L’Unité des enquêtes spéciales (« l’UES » ou « l’Unité ») est un organisme civil d’exécution de la loi qui enquête sur les incidents mettant en cause un agent et impliquant un décès, une blessure grave, la décharge d’une arme à feu contre une personne ou une allégation d’agression sexuelle. Selon la définition de la Loi de 2019 sur l’Unité des enquêtes spéciales (Loi sur l’UES), « agents » s’entend des agents de police, des agents spéciaux employés par la Commission des parcs du Niagara et des agents de la paix en vertu de la Loi sur l’Assemblée législative. La compétence de l’UES s’étend à plus de 50 corps de police municipaux, régionaux et provinciaux en Ontario.

En vertu de la Loi sur l’UES, le directeur de l’UES doit établir, d’après les preuves recueillies dans le cadre d’une enquête, s’il existe des motifs raisonnables de croire qu’un agent a commis une infraction criminelle. Si de tels motifs existent, le directeur a le pouvoir de faire porter une accusation criminelle contre cet agent. Par contre, en l’absence de tels motifs, le directeur ne peut pas porter d’accusation. Dans ce cas, un rapport d’enquête est rédigé et rendu public, sauf s’il portait sur des allégations d’agression sexuelle, auquel cas le directeur de l’UES peut consulter la personne concernée et exercer son pouvoir discrétionnaire de ne pas publier le rapport pour protéger la vie privée de la personne concernée.

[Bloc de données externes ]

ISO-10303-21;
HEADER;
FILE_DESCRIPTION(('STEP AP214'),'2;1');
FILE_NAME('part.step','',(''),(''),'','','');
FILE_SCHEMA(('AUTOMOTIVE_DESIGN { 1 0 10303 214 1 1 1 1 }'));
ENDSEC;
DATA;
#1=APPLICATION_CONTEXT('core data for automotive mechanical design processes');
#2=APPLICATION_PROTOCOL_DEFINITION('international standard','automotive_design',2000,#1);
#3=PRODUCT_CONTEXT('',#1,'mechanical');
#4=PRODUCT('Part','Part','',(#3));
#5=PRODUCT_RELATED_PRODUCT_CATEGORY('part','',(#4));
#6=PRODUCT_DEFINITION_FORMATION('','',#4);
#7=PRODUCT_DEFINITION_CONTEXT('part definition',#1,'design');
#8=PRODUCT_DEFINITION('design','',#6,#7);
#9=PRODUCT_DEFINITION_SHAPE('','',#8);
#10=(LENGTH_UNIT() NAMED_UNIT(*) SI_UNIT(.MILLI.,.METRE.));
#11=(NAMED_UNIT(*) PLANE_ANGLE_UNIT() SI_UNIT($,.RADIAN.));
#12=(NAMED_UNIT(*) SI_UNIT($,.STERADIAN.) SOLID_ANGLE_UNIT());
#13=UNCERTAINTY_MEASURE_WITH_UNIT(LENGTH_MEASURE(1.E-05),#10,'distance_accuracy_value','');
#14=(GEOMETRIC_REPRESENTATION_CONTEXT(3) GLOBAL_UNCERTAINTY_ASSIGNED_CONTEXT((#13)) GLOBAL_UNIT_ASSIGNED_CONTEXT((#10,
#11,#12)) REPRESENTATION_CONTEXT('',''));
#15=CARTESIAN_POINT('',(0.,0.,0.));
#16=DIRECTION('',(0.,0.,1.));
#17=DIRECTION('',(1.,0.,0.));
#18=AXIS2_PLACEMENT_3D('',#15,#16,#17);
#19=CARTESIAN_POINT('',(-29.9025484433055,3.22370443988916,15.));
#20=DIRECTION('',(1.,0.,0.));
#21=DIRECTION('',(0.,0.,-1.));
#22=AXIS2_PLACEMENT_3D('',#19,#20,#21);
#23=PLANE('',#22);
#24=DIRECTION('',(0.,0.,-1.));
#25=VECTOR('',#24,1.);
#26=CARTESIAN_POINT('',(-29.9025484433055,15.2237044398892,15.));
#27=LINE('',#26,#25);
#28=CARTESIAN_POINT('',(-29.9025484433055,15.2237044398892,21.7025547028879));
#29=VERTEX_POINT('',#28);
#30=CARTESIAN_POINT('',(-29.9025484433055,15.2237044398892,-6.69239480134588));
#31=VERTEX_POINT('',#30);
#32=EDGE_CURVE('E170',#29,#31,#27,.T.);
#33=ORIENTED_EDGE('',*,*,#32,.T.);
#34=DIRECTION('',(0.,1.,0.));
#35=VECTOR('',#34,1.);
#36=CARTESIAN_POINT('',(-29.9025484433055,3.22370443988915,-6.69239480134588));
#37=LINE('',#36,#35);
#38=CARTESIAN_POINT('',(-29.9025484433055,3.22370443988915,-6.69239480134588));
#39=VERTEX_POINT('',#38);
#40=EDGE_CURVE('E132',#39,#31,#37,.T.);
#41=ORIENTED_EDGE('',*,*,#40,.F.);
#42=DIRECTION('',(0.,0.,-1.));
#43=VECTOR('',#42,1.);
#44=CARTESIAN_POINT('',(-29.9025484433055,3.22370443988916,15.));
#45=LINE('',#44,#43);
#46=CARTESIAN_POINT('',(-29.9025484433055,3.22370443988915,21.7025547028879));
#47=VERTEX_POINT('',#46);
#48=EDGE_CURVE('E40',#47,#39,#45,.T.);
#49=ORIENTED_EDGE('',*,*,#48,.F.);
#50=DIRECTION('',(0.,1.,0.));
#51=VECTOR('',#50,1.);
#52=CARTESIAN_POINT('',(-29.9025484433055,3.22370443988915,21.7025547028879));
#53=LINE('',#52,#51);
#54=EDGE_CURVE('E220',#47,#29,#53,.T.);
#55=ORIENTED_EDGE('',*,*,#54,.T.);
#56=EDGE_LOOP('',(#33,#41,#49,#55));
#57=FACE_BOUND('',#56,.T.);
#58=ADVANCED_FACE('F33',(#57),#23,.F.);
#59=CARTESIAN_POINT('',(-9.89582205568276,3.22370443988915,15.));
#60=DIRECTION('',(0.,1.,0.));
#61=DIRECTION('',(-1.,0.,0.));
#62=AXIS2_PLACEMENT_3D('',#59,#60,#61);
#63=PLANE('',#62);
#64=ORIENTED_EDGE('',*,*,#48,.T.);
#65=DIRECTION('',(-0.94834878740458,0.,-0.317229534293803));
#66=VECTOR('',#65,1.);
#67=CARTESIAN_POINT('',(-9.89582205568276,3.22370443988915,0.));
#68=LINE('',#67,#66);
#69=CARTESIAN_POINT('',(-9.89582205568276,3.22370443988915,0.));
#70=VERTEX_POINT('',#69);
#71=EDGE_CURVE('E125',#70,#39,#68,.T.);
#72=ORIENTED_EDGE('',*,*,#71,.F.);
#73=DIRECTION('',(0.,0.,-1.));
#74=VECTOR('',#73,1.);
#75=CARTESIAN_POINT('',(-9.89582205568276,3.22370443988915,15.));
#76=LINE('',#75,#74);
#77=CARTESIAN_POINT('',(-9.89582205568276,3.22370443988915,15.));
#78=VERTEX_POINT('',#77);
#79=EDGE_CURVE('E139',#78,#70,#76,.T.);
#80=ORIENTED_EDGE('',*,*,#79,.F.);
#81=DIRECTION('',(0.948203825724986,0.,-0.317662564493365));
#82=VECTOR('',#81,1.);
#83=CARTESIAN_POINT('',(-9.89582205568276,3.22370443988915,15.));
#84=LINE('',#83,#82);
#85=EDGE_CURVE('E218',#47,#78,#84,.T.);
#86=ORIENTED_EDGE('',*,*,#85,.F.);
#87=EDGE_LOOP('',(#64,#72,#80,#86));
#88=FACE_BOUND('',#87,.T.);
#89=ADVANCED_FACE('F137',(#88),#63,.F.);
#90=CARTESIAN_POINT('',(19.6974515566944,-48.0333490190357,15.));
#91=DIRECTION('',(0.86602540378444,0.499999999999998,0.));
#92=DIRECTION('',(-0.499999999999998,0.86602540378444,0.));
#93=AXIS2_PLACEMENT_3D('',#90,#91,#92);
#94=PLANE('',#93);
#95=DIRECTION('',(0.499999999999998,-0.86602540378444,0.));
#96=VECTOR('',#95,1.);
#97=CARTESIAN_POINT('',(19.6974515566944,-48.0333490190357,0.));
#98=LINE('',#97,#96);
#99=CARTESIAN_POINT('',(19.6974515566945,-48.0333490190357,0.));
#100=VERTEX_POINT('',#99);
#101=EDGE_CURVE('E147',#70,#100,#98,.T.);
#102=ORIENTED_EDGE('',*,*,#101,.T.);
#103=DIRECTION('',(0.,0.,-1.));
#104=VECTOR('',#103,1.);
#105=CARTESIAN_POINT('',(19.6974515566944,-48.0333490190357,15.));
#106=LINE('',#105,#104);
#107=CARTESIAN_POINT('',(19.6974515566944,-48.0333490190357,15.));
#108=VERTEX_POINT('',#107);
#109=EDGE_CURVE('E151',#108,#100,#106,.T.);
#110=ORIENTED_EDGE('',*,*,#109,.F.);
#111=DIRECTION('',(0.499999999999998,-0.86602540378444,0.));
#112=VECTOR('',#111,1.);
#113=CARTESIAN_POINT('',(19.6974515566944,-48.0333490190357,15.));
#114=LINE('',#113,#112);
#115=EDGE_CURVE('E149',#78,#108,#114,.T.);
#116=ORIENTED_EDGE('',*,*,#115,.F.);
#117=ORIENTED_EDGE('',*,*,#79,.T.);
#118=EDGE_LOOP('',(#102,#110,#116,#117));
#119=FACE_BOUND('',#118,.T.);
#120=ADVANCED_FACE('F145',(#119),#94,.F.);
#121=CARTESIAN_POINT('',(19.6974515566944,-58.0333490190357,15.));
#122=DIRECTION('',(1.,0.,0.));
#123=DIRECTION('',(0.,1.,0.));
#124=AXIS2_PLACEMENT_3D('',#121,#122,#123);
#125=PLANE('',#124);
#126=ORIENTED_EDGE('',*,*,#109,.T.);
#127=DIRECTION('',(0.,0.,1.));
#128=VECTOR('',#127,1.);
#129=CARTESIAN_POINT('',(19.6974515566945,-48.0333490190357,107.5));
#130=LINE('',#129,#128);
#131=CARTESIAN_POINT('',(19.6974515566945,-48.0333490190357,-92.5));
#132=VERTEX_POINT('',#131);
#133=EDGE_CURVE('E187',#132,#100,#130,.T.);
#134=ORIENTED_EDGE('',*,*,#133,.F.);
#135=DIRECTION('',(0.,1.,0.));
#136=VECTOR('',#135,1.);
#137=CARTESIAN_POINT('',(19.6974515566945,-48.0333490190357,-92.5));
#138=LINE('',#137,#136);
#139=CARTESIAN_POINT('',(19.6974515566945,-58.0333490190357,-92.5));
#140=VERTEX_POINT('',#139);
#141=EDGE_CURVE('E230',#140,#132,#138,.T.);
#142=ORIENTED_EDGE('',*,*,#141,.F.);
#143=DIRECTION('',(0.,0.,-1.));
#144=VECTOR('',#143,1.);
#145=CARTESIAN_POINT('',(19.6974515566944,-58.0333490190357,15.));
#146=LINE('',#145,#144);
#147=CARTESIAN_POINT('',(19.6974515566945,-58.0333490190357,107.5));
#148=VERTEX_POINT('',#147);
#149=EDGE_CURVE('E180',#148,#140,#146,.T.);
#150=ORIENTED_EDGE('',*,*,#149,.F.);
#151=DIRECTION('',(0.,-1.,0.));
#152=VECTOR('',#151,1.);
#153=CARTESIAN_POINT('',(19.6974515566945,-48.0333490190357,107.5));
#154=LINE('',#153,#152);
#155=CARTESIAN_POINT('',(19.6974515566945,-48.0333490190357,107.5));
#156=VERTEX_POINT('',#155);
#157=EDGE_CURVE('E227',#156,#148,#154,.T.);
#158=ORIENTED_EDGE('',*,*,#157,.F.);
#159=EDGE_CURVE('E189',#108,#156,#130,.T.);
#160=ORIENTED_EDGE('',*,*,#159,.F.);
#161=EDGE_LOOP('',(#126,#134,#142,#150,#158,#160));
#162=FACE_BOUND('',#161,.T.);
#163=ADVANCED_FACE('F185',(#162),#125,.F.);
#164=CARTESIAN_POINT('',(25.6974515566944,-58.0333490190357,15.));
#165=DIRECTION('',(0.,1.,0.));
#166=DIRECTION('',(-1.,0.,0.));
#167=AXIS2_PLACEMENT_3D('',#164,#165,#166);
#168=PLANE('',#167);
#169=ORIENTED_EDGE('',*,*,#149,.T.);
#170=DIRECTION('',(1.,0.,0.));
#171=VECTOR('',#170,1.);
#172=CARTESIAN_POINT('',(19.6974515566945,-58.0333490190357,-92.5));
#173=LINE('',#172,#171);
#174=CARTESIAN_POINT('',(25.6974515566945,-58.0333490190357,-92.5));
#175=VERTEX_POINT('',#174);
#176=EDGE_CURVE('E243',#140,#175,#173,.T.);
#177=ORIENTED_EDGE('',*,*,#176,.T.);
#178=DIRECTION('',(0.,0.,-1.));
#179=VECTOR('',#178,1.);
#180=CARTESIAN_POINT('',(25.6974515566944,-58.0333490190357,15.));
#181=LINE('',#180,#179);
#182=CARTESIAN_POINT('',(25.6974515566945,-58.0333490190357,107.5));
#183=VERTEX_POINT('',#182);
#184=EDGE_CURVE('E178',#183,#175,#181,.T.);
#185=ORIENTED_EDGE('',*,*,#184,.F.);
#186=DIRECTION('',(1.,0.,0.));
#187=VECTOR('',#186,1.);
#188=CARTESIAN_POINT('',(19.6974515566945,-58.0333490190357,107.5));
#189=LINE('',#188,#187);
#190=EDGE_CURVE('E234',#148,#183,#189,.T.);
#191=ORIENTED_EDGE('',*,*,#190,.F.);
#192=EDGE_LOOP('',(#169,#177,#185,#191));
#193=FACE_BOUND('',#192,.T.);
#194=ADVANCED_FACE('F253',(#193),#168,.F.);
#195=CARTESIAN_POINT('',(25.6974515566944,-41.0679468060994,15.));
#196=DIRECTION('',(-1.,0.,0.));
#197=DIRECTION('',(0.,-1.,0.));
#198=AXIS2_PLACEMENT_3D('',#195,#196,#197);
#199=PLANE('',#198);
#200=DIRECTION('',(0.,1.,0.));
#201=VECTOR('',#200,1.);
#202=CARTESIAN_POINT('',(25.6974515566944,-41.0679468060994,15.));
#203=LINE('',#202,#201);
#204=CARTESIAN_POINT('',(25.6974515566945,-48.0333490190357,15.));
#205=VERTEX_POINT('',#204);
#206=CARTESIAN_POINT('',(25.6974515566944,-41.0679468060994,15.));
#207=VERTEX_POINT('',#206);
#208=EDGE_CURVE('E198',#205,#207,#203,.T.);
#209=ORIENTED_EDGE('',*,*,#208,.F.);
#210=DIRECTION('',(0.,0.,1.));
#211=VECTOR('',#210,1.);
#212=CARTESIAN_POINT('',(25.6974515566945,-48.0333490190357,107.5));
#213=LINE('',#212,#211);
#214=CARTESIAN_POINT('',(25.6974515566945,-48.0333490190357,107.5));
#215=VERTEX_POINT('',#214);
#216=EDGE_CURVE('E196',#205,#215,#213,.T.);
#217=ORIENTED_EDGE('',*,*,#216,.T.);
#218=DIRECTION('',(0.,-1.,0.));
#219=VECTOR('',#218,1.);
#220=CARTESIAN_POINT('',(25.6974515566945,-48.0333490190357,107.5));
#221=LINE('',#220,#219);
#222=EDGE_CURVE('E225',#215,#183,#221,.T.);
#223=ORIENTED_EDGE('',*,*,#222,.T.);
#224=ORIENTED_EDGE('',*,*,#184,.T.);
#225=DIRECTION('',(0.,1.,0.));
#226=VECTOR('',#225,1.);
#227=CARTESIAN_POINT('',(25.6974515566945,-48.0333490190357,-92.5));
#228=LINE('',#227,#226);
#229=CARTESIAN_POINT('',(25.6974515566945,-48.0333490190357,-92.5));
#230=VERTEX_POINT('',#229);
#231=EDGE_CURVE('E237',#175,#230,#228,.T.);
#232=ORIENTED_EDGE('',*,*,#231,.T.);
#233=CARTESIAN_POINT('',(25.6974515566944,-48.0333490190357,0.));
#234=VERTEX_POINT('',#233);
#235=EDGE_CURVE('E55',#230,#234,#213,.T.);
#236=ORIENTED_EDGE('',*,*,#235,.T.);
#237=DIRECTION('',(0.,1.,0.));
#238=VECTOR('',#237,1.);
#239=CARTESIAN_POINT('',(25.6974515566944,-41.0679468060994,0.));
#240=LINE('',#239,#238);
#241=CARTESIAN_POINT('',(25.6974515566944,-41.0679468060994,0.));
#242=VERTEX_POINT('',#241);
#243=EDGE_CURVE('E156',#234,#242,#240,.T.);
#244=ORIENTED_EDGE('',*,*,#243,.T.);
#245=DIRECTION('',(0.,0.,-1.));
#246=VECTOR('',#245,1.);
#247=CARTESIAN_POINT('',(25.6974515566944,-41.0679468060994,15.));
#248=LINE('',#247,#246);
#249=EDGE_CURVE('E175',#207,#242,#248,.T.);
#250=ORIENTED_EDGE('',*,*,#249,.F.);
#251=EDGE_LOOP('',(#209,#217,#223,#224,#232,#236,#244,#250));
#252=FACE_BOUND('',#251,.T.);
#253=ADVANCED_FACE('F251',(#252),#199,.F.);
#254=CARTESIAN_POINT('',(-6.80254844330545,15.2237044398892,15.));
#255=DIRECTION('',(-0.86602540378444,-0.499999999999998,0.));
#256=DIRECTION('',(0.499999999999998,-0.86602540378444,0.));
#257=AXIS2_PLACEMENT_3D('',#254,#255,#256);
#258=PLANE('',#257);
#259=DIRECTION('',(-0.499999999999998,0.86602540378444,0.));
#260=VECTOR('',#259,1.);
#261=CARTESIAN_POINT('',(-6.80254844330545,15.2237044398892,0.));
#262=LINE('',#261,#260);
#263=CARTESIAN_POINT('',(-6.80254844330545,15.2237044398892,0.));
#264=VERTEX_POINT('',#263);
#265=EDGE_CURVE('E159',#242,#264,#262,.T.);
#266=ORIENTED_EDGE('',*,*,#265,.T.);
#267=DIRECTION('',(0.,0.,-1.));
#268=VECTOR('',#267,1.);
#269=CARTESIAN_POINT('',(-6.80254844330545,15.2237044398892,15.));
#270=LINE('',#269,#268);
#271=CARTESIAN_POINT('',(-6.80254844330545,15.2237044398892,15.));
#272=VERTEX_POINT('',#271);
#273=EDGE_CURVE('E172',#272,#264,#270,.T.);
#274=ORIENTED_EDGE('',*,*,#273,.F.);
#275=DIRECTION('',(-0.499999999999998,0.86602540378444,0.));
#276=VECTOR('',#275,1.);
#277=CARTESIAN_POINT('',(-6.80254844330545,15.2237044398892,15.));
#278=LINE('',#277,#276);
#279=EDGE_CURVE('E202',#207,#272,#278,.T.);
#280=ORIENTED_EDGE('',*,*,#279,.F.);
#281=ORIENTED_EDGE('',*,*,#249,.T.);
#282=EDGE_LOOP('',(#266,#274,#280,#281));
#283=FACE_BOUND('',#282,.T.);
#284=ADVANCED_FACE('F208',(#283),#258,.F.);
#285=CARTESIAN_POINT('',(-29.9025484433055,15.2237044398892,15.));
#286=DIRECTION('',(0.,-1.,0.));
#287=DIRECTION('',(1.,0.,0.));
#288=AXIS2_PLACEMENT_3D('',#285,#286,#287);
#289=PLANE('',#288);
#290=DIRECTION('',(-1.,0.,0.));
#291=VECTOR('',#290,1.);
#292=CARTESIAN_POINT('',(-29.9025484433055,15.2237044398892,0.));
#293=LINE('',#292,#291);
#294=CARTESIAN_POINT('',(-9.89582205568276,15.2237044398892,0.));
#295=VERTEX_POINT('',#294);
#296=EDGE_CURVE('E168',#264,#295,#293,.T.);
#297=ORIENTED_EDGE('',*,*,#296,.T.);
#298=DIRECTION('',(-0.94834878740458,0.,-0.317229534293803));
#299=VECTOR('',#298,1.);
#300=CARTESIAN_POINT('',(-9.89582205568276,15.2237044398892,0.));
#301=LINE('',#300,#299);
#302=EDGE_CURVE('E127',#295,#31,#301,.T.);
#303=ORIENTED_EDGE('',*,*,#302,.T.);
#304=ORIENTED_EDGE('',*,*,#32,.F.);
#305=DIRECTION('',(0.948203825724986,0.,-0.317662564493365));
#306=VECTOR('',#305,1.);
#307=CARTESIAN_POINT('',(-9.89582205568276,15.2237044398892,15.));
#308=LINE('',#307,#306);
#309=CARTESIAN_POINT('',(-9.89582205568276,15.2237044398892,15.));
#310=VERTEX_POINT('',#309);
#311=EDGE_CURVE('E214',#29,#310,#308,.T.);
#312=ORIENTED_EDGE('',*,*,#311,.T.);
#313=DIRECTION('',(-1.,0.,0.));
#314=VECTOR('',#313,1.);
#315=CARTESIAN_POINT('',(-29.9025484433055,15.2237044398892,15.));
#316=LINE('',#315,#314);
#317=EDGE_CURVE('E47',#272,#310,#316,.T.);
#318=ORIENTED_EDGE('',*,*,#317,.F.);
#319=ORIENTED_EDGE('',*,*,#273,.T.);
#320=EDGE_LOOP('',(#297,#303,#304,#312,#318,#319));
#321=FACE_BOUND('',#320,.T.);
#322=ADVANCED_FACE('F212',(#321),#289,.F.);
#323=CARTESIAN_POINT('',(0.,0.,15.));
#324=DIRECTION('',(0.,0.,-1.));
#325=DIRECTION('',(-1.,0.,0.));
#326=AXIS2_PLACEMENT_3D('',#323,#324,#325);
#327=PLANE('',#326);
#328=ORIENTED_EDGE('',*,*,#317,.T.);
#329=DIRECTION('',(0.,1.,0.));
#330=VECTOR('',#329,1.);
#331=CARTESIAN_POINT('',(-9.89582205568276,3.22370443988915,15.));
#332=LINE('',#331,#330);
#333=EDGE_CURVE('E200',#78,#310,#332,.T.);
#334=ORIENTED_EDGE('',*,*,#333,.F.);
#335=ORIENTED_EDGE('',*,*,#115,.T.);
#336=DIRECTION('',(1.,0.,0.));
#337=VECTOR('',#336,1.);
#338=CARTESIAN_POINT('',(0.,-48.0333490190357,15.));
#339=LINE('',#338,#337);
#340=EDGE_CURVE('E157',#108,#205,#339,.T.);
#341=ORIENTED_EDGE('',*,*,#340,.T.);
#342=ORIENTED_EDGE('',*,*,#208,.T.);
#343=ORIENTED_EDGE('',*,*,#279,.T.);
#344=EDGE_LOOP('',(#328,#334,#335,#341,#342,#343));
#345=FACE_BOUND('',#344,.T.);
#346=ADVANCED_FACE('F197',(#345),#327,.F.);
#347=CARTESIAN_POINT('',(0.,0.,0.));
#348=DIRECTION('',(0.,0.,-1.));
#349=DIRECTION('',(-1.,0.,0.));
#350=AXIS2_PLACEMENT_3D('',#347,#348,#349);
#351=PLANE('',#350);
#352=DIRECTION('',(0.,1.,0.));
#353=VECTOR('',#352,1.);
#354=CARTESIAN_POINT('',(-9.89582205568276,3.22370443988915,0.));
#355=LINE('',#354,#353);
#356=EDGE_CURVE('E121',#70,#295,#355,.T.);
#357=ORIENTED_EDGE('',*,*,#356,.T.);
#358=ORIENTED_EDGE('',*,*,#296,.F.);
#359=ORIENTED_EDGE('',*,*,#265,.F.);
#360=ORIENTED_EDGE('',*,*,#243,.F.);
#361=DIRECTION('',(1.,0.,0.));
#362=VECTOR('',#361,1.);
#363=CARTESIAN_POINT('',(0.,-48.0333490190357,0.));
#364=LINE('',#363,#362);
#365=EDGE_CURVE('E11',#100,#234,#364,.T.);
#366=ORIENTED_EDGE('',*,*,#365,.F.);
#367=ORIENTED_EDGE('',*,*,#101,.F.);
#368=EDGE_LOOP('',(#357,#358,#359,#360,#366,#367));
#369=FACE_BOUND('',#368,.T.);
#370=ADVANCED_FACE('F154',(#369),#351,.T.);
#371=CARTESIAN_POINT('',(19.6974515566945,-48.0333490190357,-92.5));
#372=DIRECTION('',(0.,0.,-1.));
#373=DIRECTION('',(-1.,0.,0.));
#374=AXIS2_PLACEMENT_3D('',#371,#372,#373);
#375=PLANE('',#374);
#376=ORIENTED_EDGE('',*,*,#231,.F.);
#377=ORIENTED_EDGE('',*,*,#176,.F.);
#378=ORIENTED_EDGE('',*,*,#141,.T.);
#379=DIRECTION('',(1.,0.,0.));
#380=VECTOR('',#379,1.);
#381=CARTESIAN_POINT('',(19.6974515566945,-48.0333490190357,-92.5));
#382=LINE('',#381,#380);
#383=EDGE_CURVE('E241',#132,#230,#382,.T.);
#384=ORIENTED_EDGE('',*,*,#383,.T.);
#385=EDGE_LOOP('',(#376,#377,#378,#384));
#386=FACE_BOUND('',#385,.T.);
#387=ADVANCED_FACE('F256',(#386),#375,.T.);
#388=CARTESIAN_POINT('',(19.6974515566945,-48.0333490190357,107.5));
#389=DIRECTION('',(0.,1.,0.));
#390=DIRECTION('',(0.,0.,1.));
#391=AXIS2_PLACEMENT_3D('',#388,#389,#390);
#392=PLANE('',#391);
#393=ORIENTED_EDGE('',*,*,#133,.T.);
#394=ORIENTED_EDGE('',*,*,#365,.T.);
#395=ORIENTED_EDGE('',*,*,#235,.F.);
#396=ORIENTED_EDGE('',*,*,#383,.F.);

Restrictions concernant la divulgation de renseignements

Loi de 2019 sur l’Unité des enquêtes spéciales

En vertu de l’article 34, certains renseignements peuvent être omis de ce rapport, notamment :

  • le nom d’un agent impliqué, d’un agent témoin, d’un témoin civil ou d’une personne concernée, ainsi que tout renseignement permettant d’identifier ces personnes;
  • des renseignements qui pourraient amener à ce que l’identité d’une personne ayant signalé avoir été agressée sexuellement soit révélée dans le contexte de l’agression sexuelle;
  • des renseignements qui, de l’avis du directeur de l’UES, peuvent présenter un risque de préjudice grave pour une personne;
  • des renseignements qui divulguent des techniques ou méthodes d’enquête;
  • des renseignements dont la diffusion est interdite ou restreinte par la loi;
  • des renseignements pour lesquels la protection de la vie privée d’une personne obtenue grâce à leur non-publication l’emporte clairement sur l’intérêt public de les publier.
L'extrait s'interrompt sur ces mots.